No era lo que habría querido oír, y su respuesta tampoco fue la que habría querido dar.
—¿Entre los monjes y tus montañas? Además, Yuehan es mayor; ya no necesita una madre. Pero si pudiera salvar tu vida dando la mía a cambio, lo haría. Sería justo que vivieras; aún tienes muchas semillas que sembrar. —María apartó la mirada—. ¡Mira! Otra bandada de grullas. Cuéntalas. ¿Sabes por qué son siempre un número par?
—No, dímelo tú.
—Porque viajan siempre en pareja, son monógamas de por vida, y hacen el nido siempre en el mismo sitio. Si una de las dos muere, la otra se queda en tierra y deja de migrar.
Jesús no le respondió.
Leonora levantó lentamente una mano y Gua Li interrumpió el relato.
—Esa María no es su madre.
—No, es María de Magdala, la mujer que amó a Jesús.
—Conozco esa historia. Me habló de ella hace muchos años el conde de Mirandola, pero me obligó a guardarle el secreto. Con solo insinuarla, habría corrido el riesgo de sufrir la cárcel y la tortura que se reservaba a las brujas.
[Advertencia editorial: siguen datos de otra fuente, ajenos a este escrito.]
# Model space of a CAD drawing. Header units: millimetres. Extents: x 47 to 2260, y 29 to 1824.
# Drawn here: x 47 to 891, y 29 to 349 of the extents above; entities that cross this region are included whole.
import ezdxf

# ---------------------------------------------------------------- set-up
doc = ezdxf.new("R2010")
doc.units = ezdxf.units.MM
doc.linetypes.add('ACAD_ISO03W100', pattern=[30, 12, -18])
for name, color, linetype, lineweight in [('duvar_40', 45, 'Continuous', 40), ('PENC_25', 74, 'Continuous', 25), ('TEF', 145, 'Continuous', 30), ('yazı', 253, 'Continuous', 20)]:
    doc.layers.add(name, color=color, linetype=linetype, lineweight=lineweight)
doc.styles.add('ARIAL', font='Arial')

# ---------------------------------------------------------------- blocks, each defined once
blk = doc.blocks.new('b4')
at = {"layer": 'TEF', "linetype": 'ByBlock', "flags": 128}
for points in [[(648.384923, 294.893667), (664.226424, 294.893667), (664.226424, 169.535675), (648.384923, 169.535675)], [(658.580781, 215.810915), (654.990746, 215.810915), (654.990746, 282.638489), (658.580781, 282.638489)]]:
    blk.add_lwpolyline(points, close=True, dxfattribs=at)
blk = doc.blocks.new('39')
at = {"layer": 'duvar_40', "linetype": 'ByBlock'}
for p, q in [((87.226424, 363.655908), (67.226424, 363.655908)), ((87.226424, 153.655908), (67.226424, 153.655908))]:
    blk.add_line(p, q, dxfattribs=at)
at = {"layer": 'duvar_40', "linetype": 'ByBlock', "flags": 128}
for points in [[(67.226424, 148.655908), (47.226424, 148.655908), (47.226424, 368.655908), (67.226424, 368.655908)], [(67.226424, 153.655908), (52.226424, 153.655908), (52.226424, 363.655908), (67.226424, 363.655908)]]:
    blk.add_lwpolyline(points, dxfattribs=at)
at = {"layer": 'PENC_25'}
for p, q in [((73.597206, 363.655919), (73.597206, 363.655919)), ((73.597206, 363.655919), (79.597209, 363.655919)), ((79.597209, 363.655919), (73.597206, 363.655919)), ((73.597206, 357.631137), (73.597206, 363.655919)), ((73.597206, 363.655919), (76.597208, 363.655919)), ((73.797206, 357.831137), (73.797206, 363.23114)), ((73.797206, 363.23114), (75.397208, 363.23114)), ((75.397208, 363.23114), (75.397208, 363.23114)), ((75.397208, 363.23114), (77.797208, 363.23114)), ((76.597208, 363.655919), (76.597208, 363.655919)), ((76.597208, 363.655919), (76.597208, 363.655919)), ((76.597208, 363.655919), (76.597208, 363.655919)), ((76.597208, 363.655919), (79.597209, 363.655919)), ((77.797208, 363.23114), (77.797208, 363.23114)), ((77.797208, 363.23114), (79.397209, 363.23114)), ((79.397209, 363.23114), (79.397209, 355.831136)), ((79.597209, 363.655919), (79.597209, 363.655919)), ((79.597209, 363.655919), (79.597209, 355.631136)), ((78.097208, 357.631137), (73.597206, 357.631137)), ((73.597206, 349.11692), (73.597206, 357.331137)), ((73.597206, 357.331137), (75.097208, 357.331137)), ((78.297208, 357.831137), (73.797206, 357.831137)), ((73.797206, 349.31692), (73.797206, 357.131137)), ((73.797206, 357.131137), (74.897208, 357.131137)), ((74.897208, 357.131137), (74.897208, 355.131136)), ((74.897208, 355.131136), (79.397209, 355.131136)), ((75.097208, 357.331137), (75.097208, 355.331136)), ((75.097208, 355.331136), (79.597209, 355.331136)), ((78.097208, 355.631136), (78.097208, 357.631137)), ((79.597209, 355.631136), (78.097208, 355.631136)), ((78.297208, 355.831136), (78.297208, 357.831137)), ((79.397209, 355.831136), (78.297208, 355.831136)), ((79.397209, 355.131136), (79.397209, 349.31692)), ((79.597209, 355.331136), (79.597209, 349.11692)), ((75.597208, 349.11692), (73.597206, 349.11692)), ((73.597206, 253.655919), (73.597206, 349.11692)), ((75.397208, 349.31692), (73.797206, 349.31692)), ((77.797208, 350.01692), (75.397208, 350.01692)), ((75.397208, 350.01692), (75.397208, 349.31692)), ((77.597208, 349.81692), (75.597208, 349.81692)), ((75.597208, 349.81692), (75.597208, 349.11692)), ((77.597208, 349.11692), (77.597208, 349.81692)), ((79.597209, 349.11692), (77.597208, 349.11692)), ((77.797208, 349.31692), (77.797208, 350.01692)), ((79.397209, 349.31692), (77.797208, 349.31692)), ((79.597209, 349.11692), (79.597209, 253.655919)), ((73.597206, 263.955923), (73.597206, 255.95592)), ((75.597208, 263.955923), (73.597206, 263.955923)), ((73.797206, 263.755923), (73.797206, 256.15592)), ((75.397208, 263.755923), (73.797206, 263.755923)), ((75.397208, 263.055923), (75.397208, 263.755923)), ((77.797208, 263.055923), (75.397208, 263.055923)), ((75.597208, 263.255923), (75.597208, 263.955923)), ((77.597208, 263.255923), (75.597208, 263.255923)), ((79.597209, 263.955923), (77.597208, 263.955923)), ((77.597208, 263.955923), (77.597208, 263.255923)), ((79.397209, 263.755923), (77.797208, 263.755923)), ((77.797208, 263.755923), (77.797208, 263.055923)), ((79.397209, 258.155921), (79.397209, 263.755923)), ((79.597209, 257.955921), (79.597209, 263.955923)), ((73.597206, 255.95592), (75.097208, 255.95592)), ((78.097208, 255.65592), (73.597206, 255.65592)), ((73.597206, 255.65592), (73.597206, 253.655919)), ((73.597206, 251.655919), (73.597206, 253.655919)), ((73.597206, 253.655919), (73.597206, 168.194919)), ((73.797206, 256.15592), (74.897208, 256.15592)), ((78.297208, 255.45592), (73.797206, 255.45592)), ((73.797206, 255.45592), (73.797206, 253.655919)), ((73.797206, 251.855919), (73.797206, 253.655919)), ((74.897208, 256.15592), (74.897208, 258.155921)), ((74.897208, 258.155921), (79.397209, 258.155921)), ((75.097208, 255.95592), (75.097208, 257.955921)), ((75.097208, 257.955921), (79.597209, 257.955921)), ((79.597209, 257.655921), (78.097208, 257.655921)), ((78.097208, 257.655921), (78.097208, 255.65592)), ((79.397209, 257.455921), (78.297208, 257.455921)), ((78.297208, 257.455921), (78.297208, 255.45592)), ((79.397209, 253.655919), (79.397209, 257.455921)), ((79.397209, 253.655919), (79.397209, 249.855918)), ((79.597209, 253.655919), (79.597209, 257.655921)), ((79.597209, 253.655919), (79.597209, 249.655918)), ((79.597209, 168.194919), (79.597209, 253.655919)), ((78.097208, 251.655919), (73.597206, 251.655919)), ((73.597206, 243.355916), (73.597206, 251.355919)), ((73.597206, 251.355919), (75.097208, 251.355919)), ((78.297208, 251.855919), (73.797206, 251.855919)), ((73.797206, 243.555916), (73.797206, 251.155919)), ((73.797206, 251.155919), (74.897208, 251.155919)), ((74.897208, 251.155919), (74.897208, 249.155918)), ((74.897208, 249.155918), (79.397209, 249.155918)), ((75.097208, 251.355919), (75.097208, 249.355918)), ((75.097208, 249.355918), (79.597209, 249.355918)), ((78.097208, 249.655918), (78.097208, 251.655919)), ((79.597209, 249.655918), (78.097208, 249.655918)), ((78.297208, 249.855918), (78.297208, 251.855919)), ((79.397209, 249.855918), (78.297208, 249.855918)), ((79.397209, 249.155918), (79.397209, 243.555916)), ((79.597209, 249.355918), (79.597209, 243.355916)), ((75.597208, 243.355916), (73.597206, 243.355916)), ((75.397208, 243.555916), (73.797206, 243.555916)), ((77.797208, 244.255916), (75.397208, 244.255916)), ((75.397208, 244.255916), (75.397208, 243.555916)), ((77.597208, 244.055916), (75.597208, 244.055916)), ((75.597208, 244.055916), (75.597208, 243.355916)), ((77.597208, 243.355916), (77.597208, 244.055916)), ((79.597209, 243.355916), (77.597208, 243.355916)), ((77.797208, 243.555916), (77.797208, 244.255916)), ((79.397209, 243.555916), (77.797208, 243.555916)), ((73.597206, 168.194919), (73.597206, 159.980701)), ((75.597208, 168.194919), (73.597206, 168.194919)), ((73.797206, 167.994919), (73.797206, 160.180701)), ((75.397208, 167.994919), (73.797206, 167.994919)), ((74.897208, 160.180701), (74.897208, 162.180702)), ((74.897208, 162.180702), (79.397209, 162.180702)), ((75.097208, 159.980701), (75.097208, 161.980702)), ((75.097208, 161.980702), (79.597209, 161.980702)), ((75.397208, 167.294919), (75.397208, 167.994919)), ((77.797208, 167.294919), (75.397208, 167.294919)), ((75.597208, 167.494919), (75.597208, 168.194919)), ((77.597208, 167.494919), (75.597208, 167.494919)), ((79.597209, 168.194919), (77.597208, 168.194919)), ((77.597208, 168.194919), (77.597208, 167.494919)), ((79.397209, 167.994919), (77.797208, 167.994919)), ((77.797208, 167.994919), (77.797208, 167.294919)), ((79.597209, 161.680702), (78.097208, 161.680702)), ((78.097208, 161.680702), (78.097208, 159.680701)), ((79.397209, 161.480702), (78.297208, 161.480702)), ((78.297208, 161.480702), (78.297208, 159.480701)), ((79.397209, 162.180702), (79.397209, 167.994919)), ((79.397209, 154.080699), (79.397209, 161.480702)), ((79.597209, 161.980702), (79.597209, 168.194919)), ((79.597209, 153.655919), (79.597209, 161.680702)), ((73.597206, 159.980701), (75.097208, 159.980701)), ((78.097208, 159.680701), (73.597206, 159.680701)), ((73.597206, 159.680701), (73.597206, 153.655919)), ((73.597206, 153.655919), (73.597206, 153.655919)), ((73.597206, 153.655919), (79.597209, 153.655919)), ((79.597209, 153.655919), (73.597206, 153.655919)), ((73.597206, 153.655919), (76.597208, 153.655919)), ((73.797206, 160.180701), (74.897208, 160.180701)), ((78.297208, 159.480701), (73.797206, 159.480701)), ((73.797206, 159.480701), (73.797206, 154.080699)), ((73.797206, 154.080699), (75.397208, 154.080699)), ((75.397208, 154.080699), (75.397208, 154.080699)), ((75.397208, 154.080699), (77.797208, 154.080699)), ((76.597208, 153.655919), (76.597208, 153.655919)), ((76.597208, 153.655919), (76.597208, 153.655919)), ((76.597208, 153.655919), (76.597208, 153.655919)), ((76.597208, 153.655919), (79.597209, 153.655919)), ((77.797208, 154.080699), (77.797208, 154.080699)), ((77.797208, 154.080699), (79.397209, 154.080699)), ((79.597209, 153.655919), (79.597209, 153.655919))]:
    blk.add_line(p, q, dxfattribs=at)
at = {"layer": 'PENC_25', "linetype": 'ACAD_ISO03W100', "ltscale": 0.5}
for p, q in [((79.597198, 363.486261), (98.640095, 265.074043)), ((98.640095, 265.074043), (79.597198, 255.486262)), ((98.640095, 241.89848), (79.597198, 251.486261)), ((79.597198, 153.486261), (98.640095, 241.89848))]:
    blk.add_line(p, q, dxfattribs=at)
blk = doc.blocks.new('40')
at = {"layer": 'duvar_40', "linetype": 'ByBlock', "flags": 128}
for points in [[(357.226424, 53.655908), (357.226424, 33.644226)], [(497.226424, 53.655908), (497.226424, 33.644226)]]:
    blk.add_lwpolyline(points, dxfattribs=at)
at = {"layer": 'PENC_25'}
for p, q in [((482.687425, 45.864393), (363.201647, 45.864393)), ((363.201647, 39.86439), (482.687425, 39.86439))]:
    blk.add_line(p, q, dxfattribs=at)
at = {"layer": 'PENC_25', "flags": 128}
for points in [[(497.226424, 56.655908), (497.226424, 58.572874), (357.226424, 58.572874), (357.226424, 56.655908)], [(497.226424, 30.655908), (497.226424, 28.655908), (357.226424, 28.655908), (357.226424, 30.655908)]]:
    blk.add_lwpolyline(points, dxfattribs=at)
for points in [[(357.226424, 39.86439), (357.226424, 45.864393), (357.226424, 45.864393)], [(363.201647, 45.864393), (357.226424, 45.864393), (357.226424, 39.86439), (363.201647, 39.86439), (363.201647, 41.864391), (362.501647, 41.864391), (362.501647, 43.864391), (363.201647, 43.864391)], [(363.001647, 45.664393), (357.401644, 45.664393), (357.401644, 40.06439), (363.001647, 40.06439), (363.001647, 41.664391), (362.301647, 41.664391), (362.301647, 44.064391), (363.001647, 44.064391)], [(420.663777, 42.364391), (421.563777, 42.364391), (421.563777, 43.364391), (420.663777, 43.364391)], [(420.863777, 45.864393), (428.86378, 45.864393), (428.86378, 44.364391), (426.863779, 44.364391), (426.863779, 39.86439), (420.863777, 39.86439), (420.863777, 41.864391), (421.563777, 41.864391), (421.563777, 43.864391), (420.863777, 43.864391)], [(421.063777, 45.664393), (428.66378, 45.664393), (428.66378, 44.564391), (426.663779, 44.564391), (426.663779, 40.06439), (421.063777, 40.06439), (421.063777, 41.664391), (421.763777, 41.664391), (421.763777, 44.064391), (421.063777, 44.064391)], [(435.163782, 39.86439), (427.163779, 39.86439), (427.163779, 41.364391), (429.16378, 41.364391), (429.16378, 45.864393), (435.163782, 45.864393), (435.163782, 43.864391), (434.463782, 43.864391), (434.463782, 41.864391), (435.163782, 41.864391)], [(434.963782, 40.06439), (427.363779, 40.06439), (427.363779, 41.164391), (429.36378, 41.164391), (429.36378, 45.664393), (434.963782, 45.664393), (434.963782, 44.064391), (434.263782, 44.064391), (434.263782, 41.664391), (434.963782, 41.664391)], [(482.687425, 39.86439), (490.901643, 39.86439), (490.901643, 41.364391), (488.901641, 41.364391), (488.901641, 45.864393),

Decía que eran muchas las historias que había sobre la vida de Jesús, todas con un trasfondo de verdad, pero todas manipuladas por interés. Decía también que solo empezaría a entrever la verdad cuando encontrara un escrito suyo. Era imposible, afirmaba, que un profeta como él no hubiera querido dejar una señal a los otros hombres.
—¿Tú lo conociste?
—Le ayudé, por casualidad, y él hizo lo mismo conmigo. Y gracias a él conocí a Ferruccio, pero esa es otra historia.
—Y gracias a él yo te he conocido a ti. Pero también esa —sonrió— es otra historia.
—Cuando esté mejor hablaremos de todo; tú y yo tenemos mucho en común. Pero ahora continúa, te lo ruego.
Gua Li miró al pequeño que dormía a su lado y se tocó el vientre. Sí, hablarían, pero había un secreto, uno solo, que siempre las separaría. Un secreto que, en sus sueños, solo Ada Ta conocía y del que parecía complacido.
No hubo tiempo de seguir hablando. Llegaron los hermanos de Jesús con algunos de sus amigos de más confianza, todos armados. Convinieron que, eliminada cualquier hipótesis de fuga, sería mejor anticiparse a la voluntad del Gran Sanedrín, en un gesto de respeto, evitando así también las cadenas romanas, de modo que se dirigieron a Jerusalén. A los dos días de camino se detuvieron en Siquem, para visitar la tumba del padre de Jesús, y todos sus hijos pusieron encima una piedra, porque había sido un hombre justo.
La mañana del quinto día, después de ascender el Har Hazeitim, vieron el brillo cegador de las paredes del templo, entre las que se alzaba como un monolito la alta torre del Qodesh ha-Qodashim, donde se custodiaba el Arca de la Alianza. Aquella noche cenaron en una posada cercana. Jesús quiso tener a un lado a su hijo Yuehan y al otro a María. Luego pidió a Judas, que lloraba, que fuera a decir a los miembros del Sanedrín que les esperaría allí.